We calculated the odds ratios (ORs) and 95% confidence intervals (CIs) using the binomial distribution for dichotomized outcomes, and we planned to use the mean difference (MD) or standardized mean difference (SMD) between the baseline and the longest duration of follow-up for each study of continuous outcomes. Heterogeneity across studies was assessed by calculating I2: a value < 25% was considered low; 25–50%, moderate; and > 50%, high. We planned to calculate the pooled effect size using the (I-V heterogeneity) random-effects model when I2 > 50%, and a Mantel-Haenszel (M-H) fixed-effects model otherwise33, 34. The significance of pooled effect size was determined using the Z-test, with a 2-tailed P < 0.05 defined as the significance threshold.

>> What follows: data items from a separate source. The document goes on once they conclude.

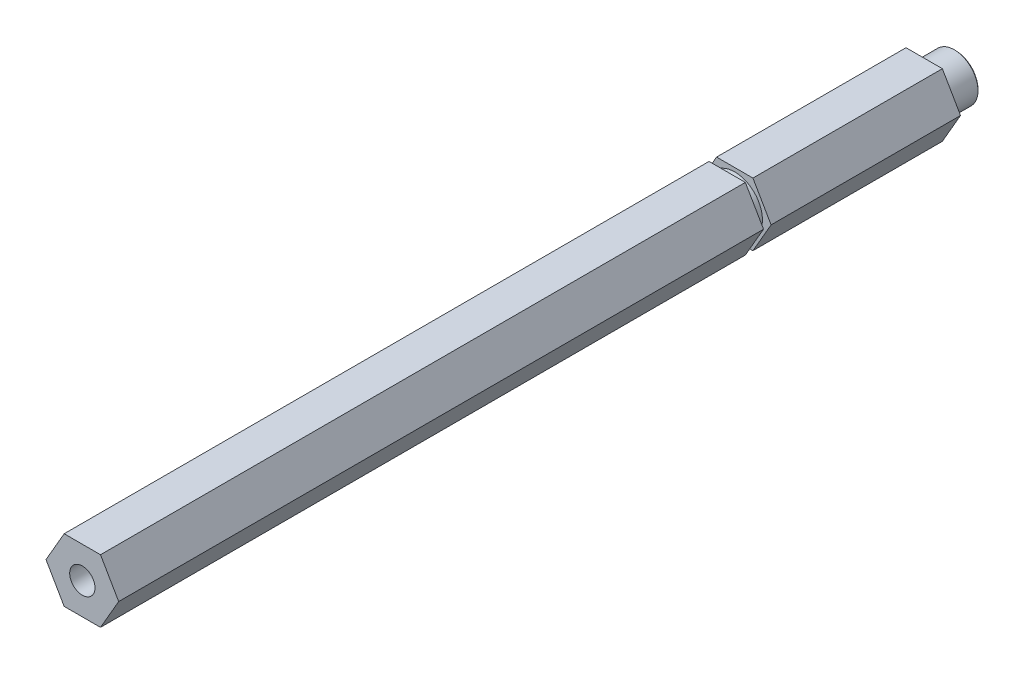
ISO-10303-21;
HEADER;
FILE_DESCRIPTION(('STEP AP214'),'2;1');
FILE_NAME('part.step','',(''),(''),'','','');
FILE_SCHEMA(('AUTOMOTIVE_DESIGN { 1 0 10303 214 1 1 1 1 }'));
ENDSEC;
DATA;
#1=APPLICATION_CONTEXT('core data for automotive mechanical design processes');
#2=APPLICATION_PROTOCOL_DEFINITION('international standard','automotive_design',2000,#1);
#3=PRODUCT_CONTEXT('',#1,'mechanical');
#4=PRODUCT('Part','Part','',(#3));
#5=PRODUCT_RELATED_PRODUCT_CATEGORY('part','',(#4));
#6=PRODUCT_DEFINITION_FORMATION('','',#4);
#7=PRODUCT_DEFINITION_CONTEXT('part definition',#1,'design');
#8=PRODUCT_DEFINITION('design','',#6,#7);
#9=PRODUCT_DEFINITION_SHAPE('','',#8);
#10=(LENGTH_UNIT() NAMED_UNIT(*) SI_UNIT(.MILLI.,.METRE.));
#11=(NAMED_UNIT(*) PLANE_ANGLE_UNIT() SI_UNIT($,.RADIAN.));
#12=(NAMED_UNIT(*) SI_UNIT($,.STERADIAN.) SOLID_ANGLE_UNIT());
#13=UNCERTAINTY_MEASURE_WITH_UNIT(LENGTH_MEASURE(1.E-05),#10,'distance_accuracy_value','');
#14=(GEOMETRIC_REPRESENTATION_CONTEXT(3) GLOBAL_UNCERTAINTY_ASSIGNED_CONTEXT((#13)) GLOBAL_UNIT_ASSIGNED_CONTEXT((#10,
#11,#12)) REPRESENTATION_CONTEXT('',''));
#15=CARTESIAN_POINT('',(0.,0.,0.));
#16=DIRECTION('',(0.,0.,1.));
#17=DIRECTION('',(1.,0.,0.));
#18=AXIS2_PLACEMENT_3D('',#15,#16,#17);
#19=CARTESIAN_POINT('',(0.,0.,11.176));
#20=DIRECTION('',(0.,0.,-1.));
#21=DIRECTION('',(-1.,0.,0.));
#22=AXIS2_PLACEMENT_3D('',#19,#20,#21);
#23=PLANE('',#22);
#24=CARTESIAN_POINT('',(0.,0.,11.176));
#25=DIRECTION('',(0.,0.,-1.));
#26=DIRECTION('',(-1.,0.,0.));
#27=AXIS2_PLACEMENT_3D('',#24,#25,#26);
#28=CIRCLE('',#27,3.175);
#29=CARTESIAN_POINT('',(-3.175,0.,11.176));
#30=VERTEX_POINT('',#29);
#31=EDGE_CURVE('E20',#30,#30,#28,.T.);
#32=ORIENTED_EDGE('',*,*,#31,.T.);
#33=EDGE_LOOP('',(#32));
#34=FACE_BOUND('',#33,.T.);
#35=ADVANCED_FACE('F17',(#34),#23,.T.);
#36=CARTESIAN_POINT('',(0.,0.,11.176));
#37=DIRECTION('',(0.,0.,-1.));
#38=DIRECTION('',(-1.,0.,0.));
#39=AXIS2_PLACEMENT_3D('',#36,#37,#38);
#40=CYLINDRICAL_SURFACE('',#39,3.175);
#41=CARTESIAN_POINT('',(0.,0.,0.253999999983989));
#42=DIRECTION('',(0.,0.,-1.));
#43=DIRECTION('',(-1.,0.,0.));
#44=AXIS2_PLACEMENT_3D('',#41,#42,#43);
#45=CIRCLE('',#44,3.17499999994197);
#46=CARTESIAN_POINT('',(-3.17499999994197,0.,0.253999999983989));
#47=VERTEX_POINT('',#46);
#48=EDGE_CURVE('E139',#47,#47,#45,.T.);
#49=ORIENTED_EDGE('',*,*,#48,.T.);
#50=EDGE_LOOP('',(#49));
#51=FACE_BOUND('',#50,.T.);
#52=ORIENTED_EDGE('',*,*,#31,.F.);
#53=EDGE_LOOP('',(#52));
#54=FACE_BOUND('',#53,.T.);
#55=ADVANCED_FACE('F401',(#51,#54),#40,.F.);
#56=CARTESIAN_POINT('',(0.,0.,1.13686837721616E-10));
#57=DIRECTION('',(0.,0.,-1.));
#58=DIRECTION('',(-1.,0.,0.));
#59=AXIS2_PLACEMENT_3D('',#56,#57,#58);
#60=CONICAL_SURFACE('',#59,3.42899999986912,0.785398163397448);
#61=CARTESIAN_POINT('',(0.,0.,0.));
#62=DIRECTION('',(0.,0.,-1.));
#63=DIRECTION('',(-1.,0.,0.));
#64=AXIS2_PLACEMENT_3D('',#61,#62,#63);
#65=CIRCLE('',#64,3.42899999998281);
#66=CARTESIAN_POINT('',(-3.42899999998281,0.,0.));
#67=VERTEX_POINT('',#66);
#68=EDGE_CURVE('E142',#67,#67,#65,.T.);
#69=ORIENTED_EDGE('',*,*,#68,.T.);
#70=EDGE_LOOP('',(#69));
#71=FACE_BOUND('',#70,.T.);
#72=ORIENTED_EDGE('',*,*,#48,.F.);
#73=EDGE_LOOP('',(#72));
#74=FACE_BOUND('',#73,.T.);
#75=ADVANCED_FACE('F163',(#71,#74),#60,.F.);
#76=CARTESIAN_POINT('',(0.,0.,0.));
#77=DIRECTION('',(0.,0.,1.));
#78=DIRECTION('',(1.,0.,0.));
#79=AXIS2_PLACEMENT_3D('',#76,#77,#78);
#80=PLANE('',#79);
#81=ORIENTED_EDGE('',*,*,#68,.F.);
#82=EDGE_LOOP('',(#81));
#83=FACE_BOUND('',#82,.T.);
#84=CARTESIAN_POINT('',(0.,0.,0.));
#85=DIRECTION('',(0.,0.,1.));
#86=DIRECTION('',(1.,0.,0.));
#87=AXIS2_PLACEMENT_3D('',#84,#85,#86);
#88=CIRCLE('',#87,4.50849999998582);
#89=CARTESIAN_POINT('',(4.50849999998582,0.,0.));
#90=VERTEX_POINT('',#89);
#91=EDGE_CURVE('E138',#90,#90,#88,.T.);
#92=ORIENTED_EDGE('',*,*,#91,.F.);
#93=EDGE_LOOP('',(#92));
#94=FACE_BOUND('',#93,.T.);
#95=ADVANCED_FACE('F166',(#83,#94),#80,.F.);
#96=CARTESIAN_POINT('',(0.,0.,0.253999999927146));
#97=DIRECTION('',(0.,0.,1.));
#98=DIRECTION('',(1.,0.,0.));
#99=AXIS2_PLACEMENT_3D('',#96,#97,#98);
#100=CONICAL_SURFACE('',#99,4.76249999991296,0.785398163397448);
#101=ORIENTED_EDGE('',*,*,#91,.T.);
#102=EDGE_LOOP('',(#101));
#103=FACE_BOUND('',#102,.T.);
#104=CARTESIAN_POINT('',(0.,0.,0.254000000000012));
#105=DIRECTION('',(0.,0.,-1.));
#106=DIRECTION('',(-1.,0.,0.));
#107=AXIS2_PLACEMENT_3D('',#104,#105,#106);
#108=CIRCLE('',#107,4.7625);
#109=CARTESIAN_POINT('',(-4.7625,0.,0.254000000000012));
#110=VERTEX_POINT('',#109);
#111=EDGE_CURVE('E135',#110,#110,#108,.F.);
#112=ORIENTED_EDGE('',*,*,#111,.F.);
#113=EDGE_LOOP('',(#112));
#114=FACE_BOUND('',#113,.T.);
#115=ADVANCED_FACE('F169',(#103,#114),#100,.T.);
#116=CARTESIAN_POINT('',(0.,0.,6.35));
#117=DIRECTION('',(0.,0.,-1.));
#118=DIRECTION('',(-1.,0.,0.));
#119=AXIS2_PLACEMENT_3D('',#116,#117,#118);
#120=CYLINDRICAL_SURFACE('',#119,4.7625);
#121=CARTESIAN_POINT('',(0.,0.,6.35));
#122=DIRECTION('',(0.,0.,-1.));
#123=DIRECTION('',(-1.,0.,0.));
#124=AXIS2_PLACEMENT_3D('',#121,#122,#123);
#125=CIRCLE('',#124,4.7625);
#126=CARTESIAN_POINT('',(-4.7625,0.,6.35));
#127=VERTEX_POINT('',#126);
#128=EDGE_CURVE('E117',#127,#127,#125,.T.);
#129=ORIENTED_EDGE('',*,*,#128,.T.);
#130=EDGE_LOOP('',(#129));
#131=FACE_BOUND('',#130,.T.);
#132=ORIENTED_EDGE('',*,*,#111,.T.);
#133=EDGE_LOOP('',(#132));
#134=FACE_BOUND('',#133,.T.);
#135=ADVANCED_FACE('F175',(#131,#134),#120,.T.);
#136=CARTESIAN_POINT('',(0.,0.,6.35));
#137=DIRECTION('',(0.,0.,1.));
#138=DIRECTION('',(1.,0.,0.));
#139=AXIS2_PLACEMENT_3D('',#136,#137,#138);
#140=PLANE('',#139);
#141=ORIENTED_EDGE('',*,*,#128,.F.);
#142=EDGE_LOOP('',(#141));
#143=FACE_BOUND('',#142,.T.);
#144=DIRECTION('',(-1.,0.,0.));
#145=VECTOR('',#144,1.);
#146=CARTESIAN_POINT('',(-3.66617420935412,-6.35,6.35));
#147=LINE('',#146,#145);
#148=CARTESIAN_POINT('',(3.66617420935412,-6.35,6.35));
#149=VERTEX_POINT('',#148);
#150=CARTESIAN_POINT('',(-3.66617420935412,-6.35,6.35));
#151=VERTEX_POINT('',#150);
#152=EDGE_CURVE('E481',#149,#151,#147,.T.);
#153=ORIENTED_EDGE('',*,*,#152,.T.);
#154=DIRECTION('',(-0.5,0.866025403784438,0.));
#155=VECTOR('',#154,1.);
#156=CARTESIAN_POINT('',(-7.33234841870825,0.,6.35));
#157=LINE('',#156,#155);
#158=CARTESIAN_POINT('',(-7.33234841870825,0.,6.35));
#159=VERTEX_POINT('',#158);
#160=EDGE_CURVE('E491',#151,#159,#157,.T.);
#161=ORIENTED_EDGE('',*,*,#160,.T.);
#162=DIRECTION('',(0.5,0.866025403784439,0.));
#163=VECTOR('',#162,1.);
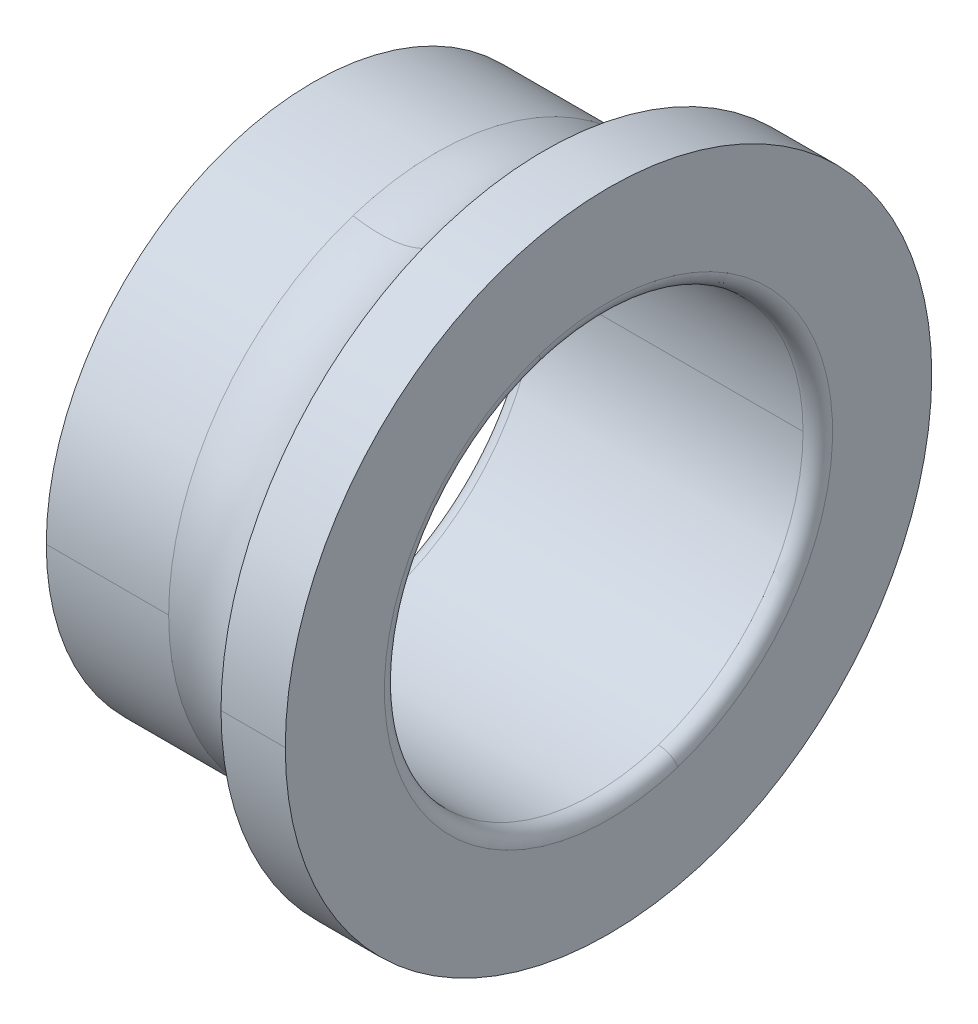
ISO-10303-21;
HEADER;
FILE_DESCRIPTION(('STEP AP214'),'2;1');
FILE_NAME('part.step','',(''),(''),'','','');
FILE_SCHEMA(('AUTOMOTIVE_DESIGN { 1 0 10303 214 1 1 1 1 }'));
ENDSEC;
DATA;
#1=APPLICATION_CONTEXT('core data for automotive mechanical design processes');
#2=APPLICATION_PROTOCOL_DEFINITION('international standard','automotive_design',2000,#1);
#3=PRODUCT_CONTEXT('',#1,'mechanical');
#4=PRODUCT('Part','Part','',(#3));
#5=PRODUCT_RELATED_PRODUCT_CATEGORY('part','',(#4));
#6=PRODUCT_DEFINITION_FORMATION('','',#4);
#7=PRODUCT_DEFINITION_CONTEXT('part definition',#1,'design');
#8=PRODUCT_DEFINITION('design','',#6,#7);
#9=PRODUCT_DEFINITION_SHAPE('','',#8);
#10=(LENGTH_UNIT() NAMED_UNIT(*) SI_UNIT(.MILLI.,.METRE.));
#11=(NAMED_UNIT(*) PLANE_ANGLE_UNIT() SI_UNIT($,.RADIAN.));
#12=(NAMED_UNIT(*) SI_UNIT($,.STERADIAN.) SOLID_ANGLE_UNIT());
#13=UNCERTAINTY_MEASURE_WITH_UNIT(LENGTH_MEASURE(1.E-05),#10,'distance_accuracy_value','');
#14=(GEOMETRIC_REPRESENTATION_CONTEXT(3) GLOBAL_UNCERTAINTY_ASSIGNED_CONTEXT((#13)) GLOBAL_UNIT_ASSIGNED_CONTEXT((#10,
#11,#12)) REPRESENTATION_CONTEXT('',''));
#15=CARTESIAN_POINT('',(0.,0.,0.));
#16=DIRECTION('',(0.,0.,1.));
#17=DIRECTION('',(1.,0.,0.));
#18=AXIS2_PLACEMENT_3D('',#15,#16,#17);
#19=CARTESIAN_POINT('',(12.,0.,0.));
#20=DIRECTION('',(1.,0.,0.));
#21=DIRECTION('',(0.,1.,0.));
#22=AXIS2_PLACEMENT_3D('',#19,#20,#21);
#23=CYLINDRICAL_SURFACE('',#22,10.83);
#24=DIRECTION('',(1.,0.,0.));
#25=VECTOR('',#24,1.);
#26=CARTESIAN_POINT('',(0.,0.,10.83));
#27=LINE('',#26,#25);
#28=CARTESIAN_POINT('',(0.,0.,10.83));
#29=VERTEX_POINT('',#28);
#30=CARTESIAN_POINT('',(4.969085842565,0.,10.83));
#31=VERTEX_POINT('',#30);
#32=EDGE_CURVE('E10',#29,#31,#27,.T.);
#33=ORIENTED_EDGE('',*,*,#32,.F.);
#34=CARTESIAN_POINT('',(0.,0.,0.));
#35=DIRECTION('',(1.,0.,0.));
#36=DIRECTION('',(0.,0.,-1.));
#37=AXIS2_PLACEMENT_3D('',#34,#35,#36);
#38=CIRCLE('',#37,10.83);
#39=CARTESIAN_POINT('',(0.,0.,-10.83));
#40=VERTEX_POINT('',#39);
#41=EDGE_CURVE('E24',#29,#40,#38,.T.);
#42=ORIENTED_EDGE('',*,*,#41,.T.);
#43=DIRECTION('',(1.,0.,0.));
#44=VECTOR('',#43,1.);
#45=CARTESIAN_POINT('',(0.,0.,-10.83));
#46=LINE('',#45,#44);
#47=CARTESIAN_POINT('',(4.969085842565,0.,-10.83));
#48=VERTEX_POINT('',#47);
#49=EDGE_CURVE('E325',#40,#48,#46,.T.);
#50=ORIENTED_EDGE('',*,*,#49,.T.);
#51=CARTESIAN_POINT('',(4.969085842565,0.,0.));
#52=DIRECTION('',(1.,0.,0.));
#53=DIRECTION('',(0.,0.,-1.));
#54=AXIS2_PLACEMENT_3D('',#51,#52,#53);
#55=CIRCLE('',#54,10.83);
#56=CARTESIAN_POINT('',(4.96908584256501,-10.2999420714765,-3.34665404908068));
#57=VERTEX_POINT('',#56);
#58=EDGE_CURVE('E320',#57,#48,#55,.T.);
#59=ORIENTED_EDGE('',*,*,#58,.F.);
#60=CARTESIAN_POINT('',(4.969085842565,0.,0.));
#61=DIRECTION('',(1.,0.,0.));
#62=DIRECTION('',(0.,0.,-1.));
#63=AXIS2_PLACEMENT_3D('',#60,#61,#62);
#64=CIRCLE('',#63,10.83);
#65=EDGE_CURVE('E315',#31,#57,#64,.T.);
#66=ORIENTED_EDGE('',*,*,#65,.F.);
#67=EDGE_LOOP('',(#33,#42,#50,#59,#66));
#68=FACE_BOUND('',#67,.T.);
#69=ADVANCED_FACE('F16',(#68),#23,.T.);
#70=CARTESIAN_POINT('',(5.99999999999977,0.,0.));
#71=DIRECTION('',(1.,0.,0.));
#72=DIRECTION('',(0.,0.309016994374947,-0.951056516295154));
#73=AXIS2_PLACEMENT_3D('',#70,#71,#72);
#74=TOROIDAL_SURFACE('',#73,14.2500000000004,3.57200000000031);
#75=CARTESIAN_POINT('',(5.99999999999977,-13.5525553572063,-4.40349216984313));
#76=DIRECTION('',(0.,0.309016994374947,-0.951056516295154));
#77=DIRECTION('',(-0.288609786515865,0.910586026240071,0.295867335039853));
#78=AXIS2_PLACEMENT_3D('',#75,#76,#77);
#79=CIRCLE('',#78,3.57200000000031);
#80=CARTESIAN_POINT('',(9.3902151849108,-12.4826167763739,-4.05584805117118));
#81=VERTEX_POINT('',#80);
#82=EDGE_CURVE('E311',#57,#81,#79,.T.);
#83=ORIENTED_EDGE('',*,*,#82,.T.);
#84=CARTESIAN_POINT('',(9.3902151849108,0.,0.));
#85=DIRECTION('',(1.,0.,0.));
#86=DIRECTION('',(0.,0.,-1.));
#87=AXIS2_PLACEMENT_3D('',#84,#85,#86);
#88=CIRCLE('',#87,13.125);
#89=CARTESIAN_POINT('',(9.3902151849108,0.,13.125));
#90=VERTEX_POINT('',#89);
#91=EDGE_CURVE('E109',#90,#81,#88,.T.);
#92=ORIENTED_EDGE('',*,*,#91,.F.);
#93=CARTESIAN_POINT('',(9.3902151849108,0.,0.));
#94=DIRECTION('',(1.,0.,0.));
#95=DIRECTION('',(0.,0.,-1.));
#96=AXIS2_PLACEMENT_3D('',#93,#94,#95);
#97=CIRCLE('',#96,13.125);
#98=CARTESIAN_POINT('',(9.3902151849108,12.4826167763739,4.05584805117119));
#99=VERTEX_POINT('',#98);
#100=EDGE_CURVE('E304',#99,#90,#97,.T.);
#101=ORIENTED_EDGE('',*,*,#100,.F.);
#102=CARTESIAN_POINT('',(5.99999999999977,13.5525553572063,4.40349216984313));
#103=DIRECTION('',(0.,-0.309016994374947,0.951056516295154));
#104=DIRECTION('',(-0.288609786515866,-0.91058602624007,-0.295867335039853));
#105=AXIS2_PLACEMENT_3D('',#102,#103,#104);
#106=CIRCLE('',#105,3.57200000000031);
#107=CARTESIAN_POINT('',(4.96908584256501,10.2999420714765,3.34665404908068));
#108=VERTEX_POINT('',#107);
#109=EDGE_CURVE('E119',#108,#99,#106,.T.);
#110=ORIENTED_EDGE('',*,*,#109,.F.);
#111=CARTESIAN_POINT('',(4.969085842565,0.,0.));
#112=DIRECTION('',(1.,0.,0.));
#113=DIRECTION('',(0.,0.,-1.));
#114=AXIS2_PLACEMENT_3D('',#111,#112,#113);
#115=CIRCLE('',#114,10.83);
#116=EDGE_CURVE('E296',#108,#31,#115,.T.);
#117=ORIENTED_EDGE('',*,*,#116,.T.);
#118=ORIENTED_EDGE('',*,*,#65,.T.);
#119=EDGE_LOOP('',(#83,#92,#101,#110,#117,#118));
#120=FACE_BOUND('',#119,.T.);
#121=ADVANCED_FACE('F338',(#120),#74,.F.);
#122=CARTESIAN_POINT('',(12.,0.,0.));
#123=DIRECTION('',(1.,0.,0.));
#124=DIRECTION('',(0.,-1.,0.));
#125=AXIS2_PLACEMENT_3D('',#122,#123,#124);
#126=CYLINDRICAL_SURFACE('',#125,10.83);
#127=ORIENTED_EDGE('',*,*,#32,.T.);
#128=ORIENTED_EDGE('',*,*,#116,.F.);
#129=CARTESIAN_POINT('',(4.969085842565,0.,0.));
#130=DIRECTION('',(1.,0.,0.));
#131=DIRECTION('',(0.,0.,-1.));
#132=AXIS2_PLACEMENT_3D('',#129,#130,#131);
#133=CIRCLE('',#132,10.83);
#134=EDGE_CURVE('E292',#48,#108,#133,.T.);
#135=ORIENTED_EDGE('',*,*,#134,.F.);
#136=ORIENTED_EDGE('',*,*,#49,.F.);
#137=CARTESIAN_POINT('',(0.,0.,0.));
#138=DIRECTION('',(1.,0.,0.));
#139=DIRECTION('',(0.,0.,-1.));
#140=AXIS2_PLACEMENT_3D('',#137,#138,#139);
#141=CIRCLE('',#140,10.83);
#142=EDGE_CURVE('E288',#40,#29,#141,.T.);
#143=ORIENTED_EDGE('',*,*,#142,.T.);
#144=EDGE_LOOP('',(#127,#128,#135,#136,#143));
#145=FACE_BOUND('',#144,.T.);
#146=ADVANCED_FACE('F269',(#145),#126,.T.);
#147=CARTESIAN_POINT('',(0.,10.83,0.));
#148=DIRECTION('',(-1.,0.,0.));
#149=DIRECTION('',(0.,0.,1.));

If appropriate, we planned to repeat the meta-analysis after excluding individual studies to assess the stability of the results. If the included studies were unsuitable or insufficient, studies were identified for meta-analysis in terms of certain outcomes of interest, and we summarized the results qualitatively; if the included RCTs were insufficient, we planned to synthesize the results of RCTs with controlled observational studies. Publication bias was assessed using the Egger regression asymmetry test and Begg’s funnel plots when a sufficient number of studies (>20) per outcome were available and if heterogeneity was low25. All statistical tests for this meta-analysis were performed using STATA, version 12 (StataCorp LP, College Station, TX).

Data Availability

All data generated or analysed during this study are included in this published article (and its Supplementary Information files).